Stored entries:
************

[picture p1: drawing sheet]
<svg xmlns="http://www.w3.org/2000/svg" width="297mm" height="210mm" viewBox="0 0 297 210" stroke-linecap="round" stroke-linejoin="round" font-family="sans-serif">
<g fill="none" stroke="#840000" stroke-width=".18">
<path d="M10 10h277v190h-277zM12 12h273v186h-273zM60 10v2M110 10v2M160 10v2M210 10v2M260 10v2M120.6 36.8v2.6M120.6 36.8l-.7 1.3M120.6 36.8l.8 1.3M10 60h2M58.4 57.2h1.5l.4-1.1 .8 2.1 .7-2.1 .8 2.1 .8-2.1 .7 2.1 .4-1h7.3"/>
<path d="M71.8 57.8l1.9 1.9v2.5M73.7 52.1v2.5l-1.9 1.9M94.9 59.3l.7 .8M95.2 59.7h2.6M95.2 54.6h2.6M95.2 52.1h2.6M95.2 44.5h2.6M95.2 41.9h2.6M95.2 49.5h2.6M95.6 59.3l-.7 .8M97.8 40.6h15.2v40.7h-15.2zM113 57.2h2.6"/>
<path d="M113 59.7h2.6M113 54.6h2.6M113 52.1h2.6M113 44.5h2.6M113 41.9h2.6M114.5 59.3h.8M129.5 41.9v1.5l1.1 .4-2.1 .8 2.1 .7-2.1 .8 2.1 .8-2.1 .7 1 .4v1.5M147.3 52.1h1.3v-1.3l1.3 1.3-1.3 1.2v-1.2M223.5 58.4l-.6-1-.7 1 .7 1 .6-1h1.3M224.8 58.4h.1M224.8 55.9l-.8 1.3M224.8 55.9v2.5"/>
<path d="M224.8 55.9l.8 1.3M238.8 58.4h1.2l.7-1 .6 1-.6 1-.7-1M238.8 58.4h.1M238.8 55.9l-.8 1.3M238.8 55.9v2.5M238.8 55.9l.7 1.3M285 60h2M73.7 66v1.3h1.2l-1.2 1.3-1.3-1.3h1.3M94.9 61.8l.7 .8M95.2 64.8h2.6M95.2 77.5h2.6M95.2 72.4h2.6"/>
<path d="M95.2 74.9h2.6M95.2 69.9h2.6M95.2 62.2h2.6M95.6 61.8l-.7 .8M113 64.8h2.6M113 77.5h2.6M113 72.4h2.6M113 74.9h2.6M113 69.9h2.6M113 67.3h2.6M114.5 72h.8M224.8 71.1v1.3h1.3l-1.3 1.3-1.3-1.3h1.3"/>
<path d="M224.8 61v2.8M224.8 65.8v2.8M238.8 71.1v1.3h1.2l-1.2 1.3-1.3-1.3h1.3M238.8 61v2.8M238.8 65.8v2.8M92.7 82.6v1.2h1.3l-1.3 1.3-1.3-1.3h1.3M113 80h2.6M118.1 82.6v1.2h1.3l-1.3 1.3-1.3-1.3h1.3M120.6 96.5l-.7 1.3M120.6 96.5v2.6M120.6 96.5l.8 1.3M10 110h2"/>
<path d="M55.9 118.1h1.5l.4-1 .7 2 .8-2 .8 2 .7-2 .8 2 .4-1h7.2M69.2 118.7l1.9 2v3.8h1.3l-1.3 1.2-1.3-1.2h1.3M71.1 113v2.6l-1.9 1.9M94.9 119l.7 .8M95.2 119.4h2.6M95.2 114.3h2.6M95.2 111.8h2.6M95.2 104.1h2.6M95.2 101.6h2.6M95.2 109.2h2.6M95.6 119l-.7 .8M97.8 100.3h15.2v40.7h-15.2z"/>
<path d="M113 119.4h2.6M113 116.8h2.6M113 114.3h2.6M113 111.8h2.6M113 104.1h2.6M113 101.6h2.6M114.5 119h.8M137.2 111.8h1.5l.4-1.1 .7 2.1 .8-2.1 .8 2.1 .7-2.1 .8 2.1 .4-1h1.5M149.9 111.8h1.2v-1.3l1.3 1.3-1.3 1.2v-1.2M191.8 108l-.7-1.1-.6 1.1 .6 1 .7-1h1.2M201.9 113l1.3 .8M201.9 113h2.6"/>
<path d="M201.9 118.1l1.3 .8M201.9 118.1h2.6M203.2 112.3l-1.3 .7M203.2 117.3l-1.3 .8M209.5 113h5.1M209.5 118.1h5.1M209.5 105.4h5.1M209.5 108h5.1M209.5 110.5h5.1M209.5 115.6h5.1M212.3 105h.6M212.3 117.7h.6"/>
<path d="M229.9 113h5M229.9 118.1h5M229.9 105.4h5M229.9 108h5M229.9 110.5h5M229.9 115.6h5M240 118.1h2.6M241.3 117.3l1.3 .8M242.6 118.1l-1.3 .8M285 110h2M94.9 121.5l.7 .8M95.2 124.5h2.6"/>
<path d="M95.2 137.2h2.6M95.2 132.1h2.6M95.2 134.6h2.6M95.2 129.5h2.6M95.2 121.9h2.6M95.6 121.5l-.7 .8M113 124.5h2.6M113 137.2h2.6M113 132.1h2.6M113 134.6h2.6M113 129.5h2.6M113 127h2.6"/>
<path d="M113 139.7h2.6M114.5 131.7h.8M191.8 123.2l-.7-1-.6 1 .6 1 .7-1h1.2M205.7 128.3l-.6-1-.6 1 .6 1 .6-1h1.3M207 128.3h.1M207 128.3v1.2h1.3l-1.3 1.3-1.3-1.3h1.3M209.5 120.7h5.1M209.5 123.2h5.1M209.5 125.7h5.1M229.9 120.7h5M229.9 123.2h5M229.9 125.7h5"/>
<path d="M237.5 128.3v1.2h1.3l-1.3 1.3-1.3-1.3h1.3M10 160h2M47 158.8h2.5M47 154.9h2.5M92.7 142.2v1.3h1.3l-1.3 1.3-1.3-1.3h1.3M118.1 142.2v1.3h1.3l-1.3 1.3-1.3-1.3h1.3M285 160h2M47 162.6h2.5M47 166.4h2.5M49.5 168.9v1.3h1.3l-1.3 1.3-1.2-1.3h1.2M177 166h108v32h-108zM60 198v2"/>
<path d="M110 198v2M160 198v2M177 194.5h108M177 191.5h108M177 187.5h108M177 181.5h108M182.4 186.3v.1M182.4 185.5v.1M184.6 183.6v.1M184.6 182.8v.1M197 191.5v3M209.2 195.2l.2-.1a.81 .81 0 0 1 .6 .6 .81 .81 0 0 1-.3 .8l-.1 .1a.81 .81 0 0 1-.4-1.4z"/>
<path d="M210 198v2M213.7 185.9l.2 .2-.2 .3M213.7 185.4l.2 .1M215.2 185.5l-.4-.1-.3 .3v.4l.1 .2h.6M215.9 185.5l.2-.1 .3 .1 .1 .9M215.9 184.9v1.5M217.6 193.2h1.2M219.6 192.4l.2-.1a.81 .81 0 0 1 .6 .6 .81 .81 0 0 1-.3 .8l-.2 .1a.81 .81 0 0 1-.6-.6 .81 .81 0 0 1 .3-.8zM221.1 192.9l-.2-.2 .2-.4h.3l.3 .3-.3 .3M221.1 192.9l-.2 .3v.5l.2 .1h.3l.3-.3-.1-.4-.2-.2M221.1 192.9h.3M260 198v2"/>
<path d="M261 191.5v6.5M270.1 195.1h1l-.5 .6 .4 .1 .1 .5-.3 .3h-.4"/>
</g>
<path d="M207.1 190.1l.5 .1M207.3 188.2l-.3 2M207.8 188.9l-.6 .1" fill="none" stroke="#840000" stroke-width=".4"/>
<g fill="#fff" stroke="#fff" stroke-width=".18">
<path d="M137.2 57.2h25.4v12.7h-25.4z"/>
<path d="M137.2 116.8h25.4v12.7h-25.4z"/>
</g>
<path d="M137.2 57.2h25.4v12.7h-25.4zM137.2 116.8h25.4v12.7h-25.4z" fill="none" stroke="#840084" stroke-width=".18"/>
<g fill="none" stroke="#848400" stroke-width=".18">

************

Output the data in full, please, exactly as written.

**TASK OUTPUT**
[picture p1: drawing sheet]
<svg xmlns="http://www.w3.org/2000/svg" width="297mm" height="210mm" viewBox="0 0 297 210" stroke-linecap="round" stroke-linejoin="round" font-family="sans-serif">
<g fill="none" stroke="#840000" stroke-width=".18">
<path d="M10 10h277v190h-277zM12 12h273v186h-273zM60 10v2M110 10v2M160 10v2M210 10v2M260 10v2M120.6 36.8v2.6M120.6 36.8l-.7 1.3M120.6 36.8l.8 1.3M10 60h2M58.4 57.2h1.5l.4-1.1 .8 2.1 .7-2.1 .8 2.1 .8-2.1 .7 2.1 .4-1h7.3"/>
<path d="M71.8 57.8l1.9 1.9v2.5M73.7 52.1v2.5l-1.9 1.9M94.9 59.3l.7 .8M95.2 59.7h2.6M95.2 54.6h2.6M95.2 52.1h2.6M95.2 44.5h2.6M95.2 41.9h2.6M95.2 49.5h2.6M95.6 59.3l-.7 .8M97.8 40.6h15.2v40.7h-15.2zM113 57.2h2.6"/>
<path d="M113 59.7h2.6M113 54.6h2.6M113 52.1h2.6M113 44.5h2.6M113 41.9h2.6M114.5 59.3h.8M129.5 41.9v1.5l1.1 .4-2.1 .8 2.1 .7-2.1 .8 2.1 .8-2.1 .7 1 .4v1.5M147.3 52.1h1.3v-1.3l1.3 1.3-1.3 1.2v-1.2M223.5 58.4l-.6-1-.7 1 .7 1 .6-1h1.3M224.8 58.4h.1M224.8 55.9l-.8 1.3M224.8 55.9v2.5"/>
<path d="M224.8 55.9l.8 1.3M238.8 58.4h1.2l.7-1 .6 1-.6 1-.7-1M238.8 58.4h.1M238.8 55.9l-.8 1.3M238.8 55.9v2.5M238.8 55.9l.7 1.3M285 60h2M73.7 66v1.3h1.2l-1.2 1.3-1.3-1.3h1.3M94.9 61.8l.7 .8M95.2 64.8h2.6M95.2 77.5h2.6M95.2 72.4h2.6"/>
<path d="M95.2 74.9h2.6M95.2 69.9h2.6M95.2 62.2h2.6M95.6 61.8l-.7 .8M113 64.8h2.6M113 77.5h2.6M113 72.4h2.6M113 74.9h2.6M113 69.9h2.6M113 67.3h2.6M114.5 72h.8M224.8 71.1v1.3h1.3l-1.3 1.3-1.3-1.3h1.3"/>
<path d="M224.8 61v2.8M224.8 65.8v2.8M238.8 71.1v1.3h1.2l-1.2 1.3-1.3-1.3h1.3M238.8 61v2.8M238.8 65.8v2.8M92.7 82.6v1.2h1.3l-1.3 1.3-1.3-1.3h1.3M113 80h2.6M118.1 82.6v1.2h1.3l-1.3 1.3-1.3-1.3h1.3M120.6 96.5l-.7 1.3M120.6 96.5v2.6M120.6 96.5l.8 1.3M10 110h2"/>
<path d="M55.9 118.1h1.5l.4-1 .7 2 .8-2 .8 2 .7-2 .8 2 .4-1h7.2M69.2 118.7l1.9 2v3.8h1.3l-1.3 1.2-1.3-1.2h1.3M71.1 113v2.6l-1.9 1.9M94.9 119l.7 .8M95.2 119.4h2.6M95.2 114.3h2.6M95.2 111.8h2.6M95.2 104.1h2.6M95.2 101.6h2.6M95.2 109.2h2.6M95.6 119l-.7 .8M97.8 100.3h15.2v40.7h-15.2z"/>
<path d="M113 119.4h2.6M113 116.8h2.6M113 114.3h2.6M113 111.8h2.6M113 104.1h2.6M113 101.6h2.6M114.5 119h.8M137.2 111.8h1.5l.4-1.1 .7 2.1 .8-2.1 .8 2.1 .7-2.1 .8 2.1 .4-1h1.5M149.9 111.8h1.2v-1.3l1.3 1.3-1.3 1.2v-1.2M191.8 108l-.7-1.1-.6 1.1 .6 1 .7-1h1.2M201.9 113l1.3 .8M201.9 113h2.6"/>
<path d="M201.9 118.1l1.3 .8M201.9 118.1h2.6M203.2 112.3l-1.3 .7M203.2 117.3l-1.3 .8M209.5 113h5.1M209.5 118.1h5.1M209.5 105.4h5.1M209.5 108h5.1M209.5 110.5h5.1M209.5 115.6h5.1M212.3 105h.6M212.3 117.7h.6"/>
<path d="M229.9 113h5M229.9 118.1h5M229.9 105.4h5M229.9 108h5M229.9 110.5h5M229.9 115.6h5M240 118.1h2.6M241.3 117.3l1.3 .8M242.6 118.1l-1.3 .8M285 110h2M94.9 121.5l.7 .8M95.2 124.5h2.6"/>
<path d="M95.2 137.2h2.6M95.2 132.1h2.6M95.2 134.6h2.6M95.2 129.5h2.6M95.2 121.9h2.6M95.6 121.5l-.7 .8M113 124.5h2.6M113 137.2h2.6M113 132.1h2.6M113 134.6h2.6M113 129.5h2.6M113 127h2.6"/>
<path d="M113 139.7h2.6M114.5 131.7h.8M191.8 123.2l-.7-1-.6 1 .6 1 .7-1h1.2M205.7 128.3l-.6-1-.6 1 .6 1 .6-1h1.3M207 128.3h.1M207 128.3v1.2h1.3l-1.3 1.3-1.3-1.3h1.3M209.5 120.7h5.1M209.5 123.2h5.1M209.5 125.7h5.1M229.9 120.7h5M229.9 123.2h5M229.9 125.7h5"/>
<path d="M237.5 128.3v1.2h1.3l-1.3 1.3-1.3-1.3h1.3M10 160h2M47 158.8h2.5M47 154.9h2.5M92.7 142.2v1.3h1.3l-1.3 1.3-1.3-1.3h1.3M118.1 142.2v1.3h1.3l-1.3 1.3-1.3-1.3h1.3M285 160h2M47 162.6h2.5M47 166.4h2.5M49.5 168.9v1.3h1.3l-1.3 1.3-1.2-1.3h1.2M177 166h108v32h-108zM60 198v2"/>
<path d="M110 198v2M160 198v2M177 194.5h108M177 191.5h108M177 187.5h108M177 181.5h108M182.4 186.3v.1M182.4 185.5v.1M184.6 183.6v.1M184.6 182.8v.1M197 191.5v3M209.2 195.2l.2-.1a.81 .81 0 0 1 .6 .6 .81 .81 0 0 1-.3 .8l-.1 .1a.81 .81 0 0 1-.4-1.4z"/>
<path d="M210 198v2M213.7 185.9l.2 .2-.2 .3M213.7 185.4l.2 .1M215.2 185.5l-.4-.1-.3 .3v.4l.1 .2h.6M215.9 185.5l.2-.1 .3 .1 .1 .9M215.9 184.9v1.5M217.6 193.2h1.2M219.6 192.4l.2-.1a.81 .81 0 0 1 .6 .6 .81 .81 0 0 1-.3 .8l-.2 .1a.81 .81 0 0 1-.6-.6 .81 .81 0 0 1 .3-.8zM221.1 192.9l-.2-.2 .2-.4h.3l.3 .3-.3 .3M221.1 192.9l-.2 .3v.5l.2 .1h.3l.3-.3-.1-.4-.2-.2M221.1 192.9h.3M260 198v2"/>
<path d="M261 191.5v6.5M270.1 195.1h1l-.5 .6 .4 .1 .1 .5-.3 .3h-.4"/>
</g>
<path d="M207.1 190.1l.5 .1M207.3 188.2l-.3 2M207.8 188.9l-.6 .1" fill="none" stroke="#840000" stroke-width=".4"/>
<g fill="#fff" stroke="#fff" stroke-width=".18">
<path d="M137.2 57.2h25.4v12.7h-25.4z"/>
<path d="M137.2 116.8h25.4v12.7h-25.4z"/>
</g>
<path d="M137.2 57.2h25.4v12.7h-25.4zM137.2 116.8h25.4v12.7h-25.4z" fill="none" stroke="#840084" stroke-width=".18"/>
<g fill="none" stroke="#848400" stroke-width=".18">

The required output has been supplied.